Une nouvelle étape du démembrement de la République une et indivisible

Pardonnez-moi : je ne suis pas une cigogne… (Sourires.)

Monsieur le président, madame la ministre, mes chers collègues, au nom du droit à la différence territoriale, ce bricolage législatif, ni fait ni à faire, est une nouvelle étape de l’opération de démembrement de la République indivisible qui porte le nom de France. De cette entreprise ancienne, la loi NOTRe a marqué un temps fort, sans aller cependant jusqu’à autoriser des fiscalités indirectes à la demande. En l’espèce, c’est le cas : on innove !

Cette différenciation est assortie, comme d’habitude, du désengagement de l’État : transfert au nouveau département alsacien des routes nationales qui n’ont pas encore été transférées, des autoroutes, de l’enseignement des langues étrangères et des classes bilingues.

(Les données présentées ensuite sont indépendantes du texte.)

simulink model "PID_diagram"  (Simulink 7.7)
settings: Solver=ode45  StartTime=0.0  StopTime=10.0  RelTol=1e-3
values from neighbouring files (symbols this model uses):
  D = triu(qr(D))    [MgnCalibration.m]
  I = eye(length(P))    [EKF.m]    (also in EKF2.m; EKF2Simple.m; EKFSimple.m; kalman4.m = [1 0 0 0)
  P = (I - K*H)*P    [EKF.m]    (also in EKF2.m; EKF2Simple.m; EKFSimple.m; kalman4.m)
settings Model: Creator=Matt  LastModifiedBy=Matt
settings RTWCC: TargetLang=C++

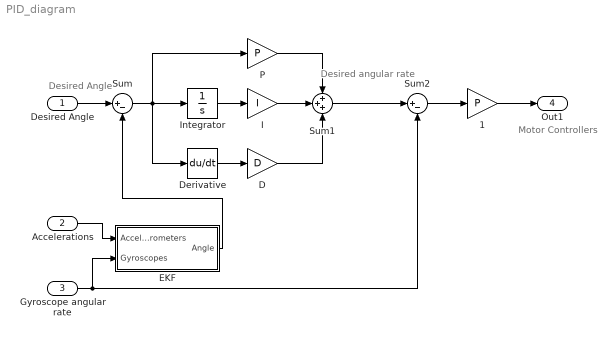
== system PID_diagram ==
  note: Motor Controllers
  note: Desired
      | angular rate
  note: Desired Angle
  Desired Angle : Inport
  Accelerations : Inport  Port=2
  Gyroscope angular rate : Inport  Port=3
  1 : Gain  Gain=P
  D : Gain  Gain=D
  Derivative : Derivative
  EKF : Subsystem
  I : Gain  Gain=I
  Integrator : Integrator
  P : Gain  Gain=P
  Sum : Sum  Inputs=|+-
  Sum1 : Sum  Inputs=+++
  Sum2 : Sum  Inputs=|+-
  Out1 : Outport  Port=4
  wires:
  Sum/1 -> Integrator/1, P/1, Derivative/1
  Derivative/1 -> D/1
  Integrator/1 -> I/1
  P/1 -> Sum1/1
  I/1 -> Sum1/2
  D/1 -> Sum1/3
  Sum1/1 -> Sum2/1
  Sum2/1 -> 1/1
  1/1 -> Out1/1
  Desired Angle/1 -> Sum/1
  EKF/1(Angle) -> Sum/2
  Accelerations/1 -> EKF/1(Accelerometers)
  Gyroscope angular rate/1 -> Sum2/2, EKF/2(Gyroscopes)

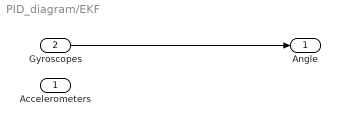
== system PID_diagram/EKF ==
  Accelerometers : Inport
  Gyroscopes : Inport  Port=2
  Angle : Outport
  wires:
  Gyroscopes/1 -> Angle/1

Si ce projet de loi est un prélude à l’acte III de la décentralisation, on peut craindre la suite. Rapiécer un habit qui est usé avant même d’avoir été neuf n’est certainement pas la solution !

Quand on se penche sur les détails du texte, on va de surprise en surprise.

Première surprise : il reprend le projet de fusion des deux départements alsaciens soumis sans succès à référendum il y a six ans. Revenir par la voie législative sur les décisions référendaires qui déplaisent devient une manie dans notre beau pays !

Deuxième surprise : sauf erreur de ma part, cette unique collectivité départementale d’Alsace devra cohabiter avec deux administrations territoriales de l’État. Curieuse innovation, curieuse simplification !

Troisième surprise : la législation actuelle permettant déjà de déployer la coopération internationale, on ne voit pas bien ce qu’apporte la création de la nouvelle organisation, pas plus qu’on ne voit en quoi nommer l’entité concernée « chef de file » de la coopération transfrontalière facilitera sa coopération avec la région Grand Est, laquelle est notamment chargée de l’élaboration du schéma régional de développement touristique.

M. Jean-Marc Todeschini. Eh oui !

M. Pierre-Yves Collombat. Non ! La vraie solution permettant de concilier différenciation territoriale et unité nationale consiste à revenir à notre tradition administrative, qui a toujours su garantir la place des petites nations locales dans la grande nation : revenir, donc, sur un découpage régional dont personne ne veut, parce qu’il est incompatible avec les réalités des territoires, et revenir sur la répartition bureaucratique des compétences entre régions et départements, sur la suppression de la compétence générale des départements, sur les boursouflures qui ont complexifié la gestion locale en augmentant la dépense publique au lieu de la faire baisser – on attend toujours les 20 milliards d’euros d’économies qui avaient été annoncés !

Contrairement à ce qui se colporte, le jacobinisme français n’est pas qu’un centralisme : c’est un étrange mélange de centralisme et de liberté locale qui fait de la France le pays où l’échelon territorial de proximité, la commune, dispose de l’autonomie la plus grande. À ceux qui en doutent, je conseille d’aller voir ce qui se passe en Allemagne, au Royaume-Uni ou aux États-Unis d’Amérique. Pierre Grémion l’a montré il y a bien longtemps : dans le système administratif classique, le préfet et son administration ne sont pas que la courroie de transmission de l’État central ; ils sont aussi les porte-paroles des territoires et de leurs élus auprès de l’État, État qui, à la différence de sa version libérale actuelle, disposait alors, dans ledit système, de moyens d’intervention financiers et d’ingénierie.

Les lois de décentralisation de 1982 et 1983, puis celles relatives à la coopération intercommunale volontaire de projet, à partir de 1992, viendront renforcer ce « pouvoir périphérique », pour reprendre l’expression de Pierre Grémion. C’est cet édifice administratif solide et efficace que les réformes des quinquennats Sarkozy, Hollande et Macron ont voulu démonter, alors que c’est le contraire qu’il aurait fallu faire.

En l’espèce, respecter la spécificité alsacienne passe non pas par la création d’une collectivité à usage particulier, mais par un redécoupage régional permettant de garantir un tel respect, ce qui est déjà possible dans l’état actuel de la législation. J’ai cru d’ailleurs comprendre que telle était aussi la position de bon nombre de collègues alsaciens.

Selon Jérôme Fourquet, la France serait devenue un archipel d’iles et d’îlots sans liens entre eux, une nation multiple et divisée, autant dire autre chose qu’une nation.

N’entendant pas participer à cette entreprise de destruction de l’unité nationale, le groupe CRCE votera contre ce projet de loi ni fait ni à faire, mais bien révélateur des intentions de ses auteurs.